In the absence of libel, slander, extortion and blackmail, even the most obnoxious corporate campaign can’t be banned without running afoul of the First Amendment. But a corporate campaign can be curtailed by taking away its primary goal, which is unionizing employees through card check.
In 2010 voters in four states—Arizona, South Carolina, South Dakota, and Utah—overwhelmingly approved ballot measures to amend their state constitutions. The amendments will protect workers’ right to secret ballot elections.
Unfortunately, the NLRB has challenged these laws claiming the federal National Labor Relations Act preempts states from taking this action. It is suing Arizona to repeal the state’s secret ballot amendment. Arizona is fighting back with help from the state’s free-market-oriented think tank, the Goldwater Institute, which is defending the amendment in federal district court. (Note: One of this study’s authors provided expert testimony for Goldwater in its defense of the secret ballot.)
Clint Bolick, Goldwater’s lead attorney, sees weaknesses in the NLRB case. He predicts Arizona will win because, “First, states are free to give greater protection to individual rights than federal law. Second, the decision whether to join a particular group is protected by the freedom of association guaranteed by the First Amendment. Finally, courts will try their best not to find a conflict with federal law.”

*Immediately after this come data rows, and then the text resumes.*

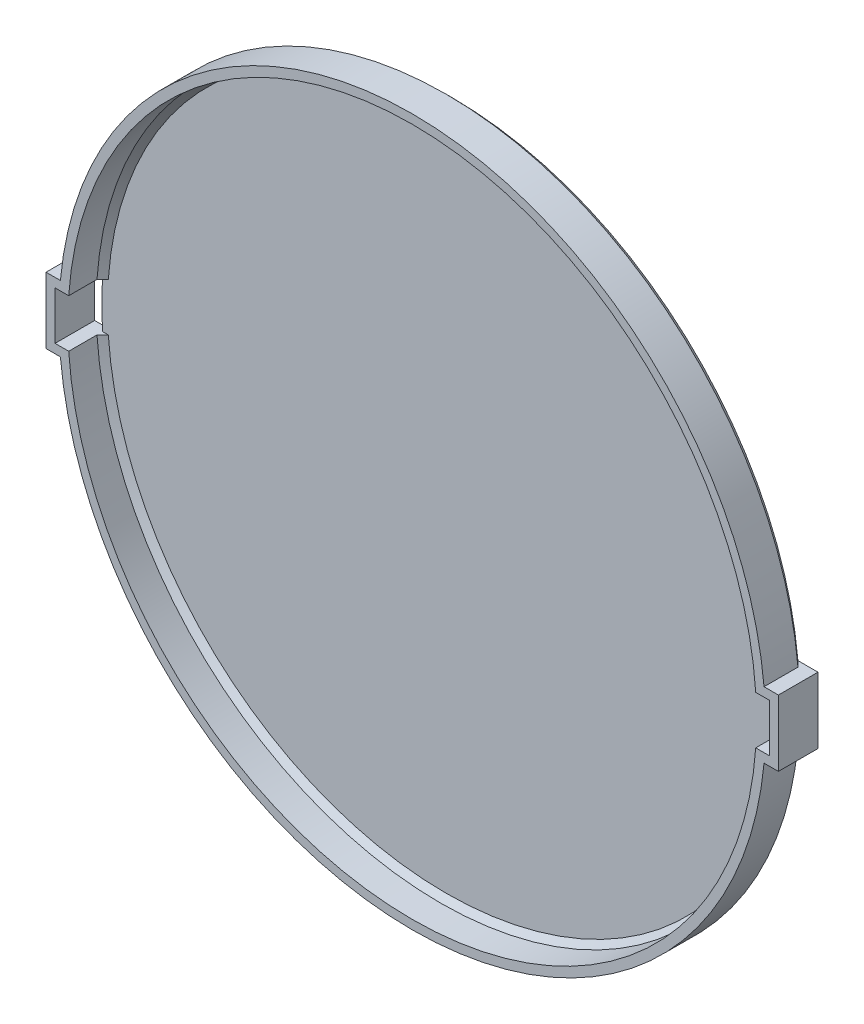
SolidWorks part; units mm, degrees
ref_plane "Front" through (0, 0, 0) normal (0, 0, 1) x (1, 0, 0)
ref_plane "Top" through (0, 0, 0) normal (0, 1, 0) x (1, 0, 0)
ref_plane "Right" through (0, 0, 0) normal (1, 0, 0) x (0, 0, -1)
sketch "Sketch1" plane through (0, 0, 0) normal (0, 0, 1) x (1, 0, 0)
  line L0 (-60.65, 4.25) -> (-60.65, -4.25)
  line L1 (-60.65, 4.25) -> (-63.1627, 4.25)
  line L2 (-63.1627, 4.25) -> (-63.1627, -4.25)
  line L3 (-63.1627, -4.25) -> (-60.65, -4.25)
  line L4 (-62.2256, 5.85) -> (-64.7627, 5.85)
  line L5 (-64.7627, 5.85) -> (-64.7627, -5.85)
  line L6 (-62.2256, -5.85) -> (-64.7627, -5.85)
  circle A0 centre (0, 0) radius 62.5
  circle A1 centre (0, 0) radius 60.9
  point P8 (-60.65, 0)
  dimension "D1" = 125
  dimension "D2" = 1.6
  dimension "D3" = 8.5
  dimension "D4" = 60.65
  dimension "D5" = 2.5127
  dimension "D6" = 1.6
  dimension "D7" = 1.6
  dimension "D8" = 1.6
extrude "Boss-Extrude1" add sketch "Sketch1" along normal blind 6 contours A1 L3 A0 L1 | A1 L1 A0 L3 region at (-61.6511, 0, 0) region at (-61.5534, 6.0167, 0)
extrude "Boss-Extrude2" add sketch "Sketch1<2>" against normal blind 1 contours A0
sketch "Sketch1<2>" plane through (0, 0, 0) normal (0, 0, 1) x (1, 0, 0) same geometry as "Sketch1"
extrude "Cut-Extrude1" cut sketch "Sketch1<4>" along normal through all and the other way through all contours A1 L1 A0 L3 region at (-61.6511, 0, 0)
sketch "Sketch1<4>" plane through (0, 0, 0) normal (0, 0, 1) x (1, 0, 0) same geometry as "Sketch1"
extrude "Boss-Extrude3" add sketch "Sketch1<5>" along normal up to surface (6 mm away) and the other way up to surface (1 mm away) contours A0 L4 L5 L6 L3 L2 L1 region at (-63.803, 0, 0) up to face at (0.0733, 0, 6) other way up to face at (-30.3767, 0, -1)
sketch "Sketch1<5>" plane through (0, 0, 0) normal (0, 0, 1) x (1, 0, 0) same geometry as "Sketch1"
mirror "Mirror1" about plane through (0, 0, 0) normal (1, 0, 0) of "Boss-Extrude3", "Cut-Extrude1"
chamfer "Chamfer1" distance 1 angle 45 4 edges at (0, -60.9, 0) (0, 60.9, 0) (0, 62.5, -1) (0, -62.5, -1)

On the federal level, members of Congress have introduced bills to ensure the secret ballot for workers throughout the country. In the 112th Congress Rep. David Roe [R-TX] and 65 cosponsors introduced H.R. 972 the Secret Ballot Protection Act. However perhaps a better option to protecting workers’ rights, combating corporate campaigns, and ending the NLRB’s overreach is H.R. 2810 , the Employee Rights Act (ERA), which was introduced by Rep. Tim Scott (R-SC) in the House. A companion Senate measure, S. 1507, was introduced by Sen. Orrin Hatch (R-Utah).
The ERA would allow workers to “re-elect” their union every three years, bypassing the difficulties of the decertification process. It also ensures that all workers have the right to a secret ballot in unionization elections. The re-election provision restores the secret ballot to workers who might have signed on to card check because a corporate campaign forced their employers to adopt a neutrality agreement.
A state or federal secret ballot protection act and the federal ERA are positive legislative fixes. But enacting them won’t be easy. In the meantime businesses must remain vigilant. They should resist corporate campaigns by filing RICO and extortion lawsuits against unions that try to strong-arm them.
The public also has a role to play. It must look more skeptically at allegations and negative publicity directed against companies. And it should check to see whether the groups making claims against a corporation have political or financial interests in destroying that corporation’s reputation.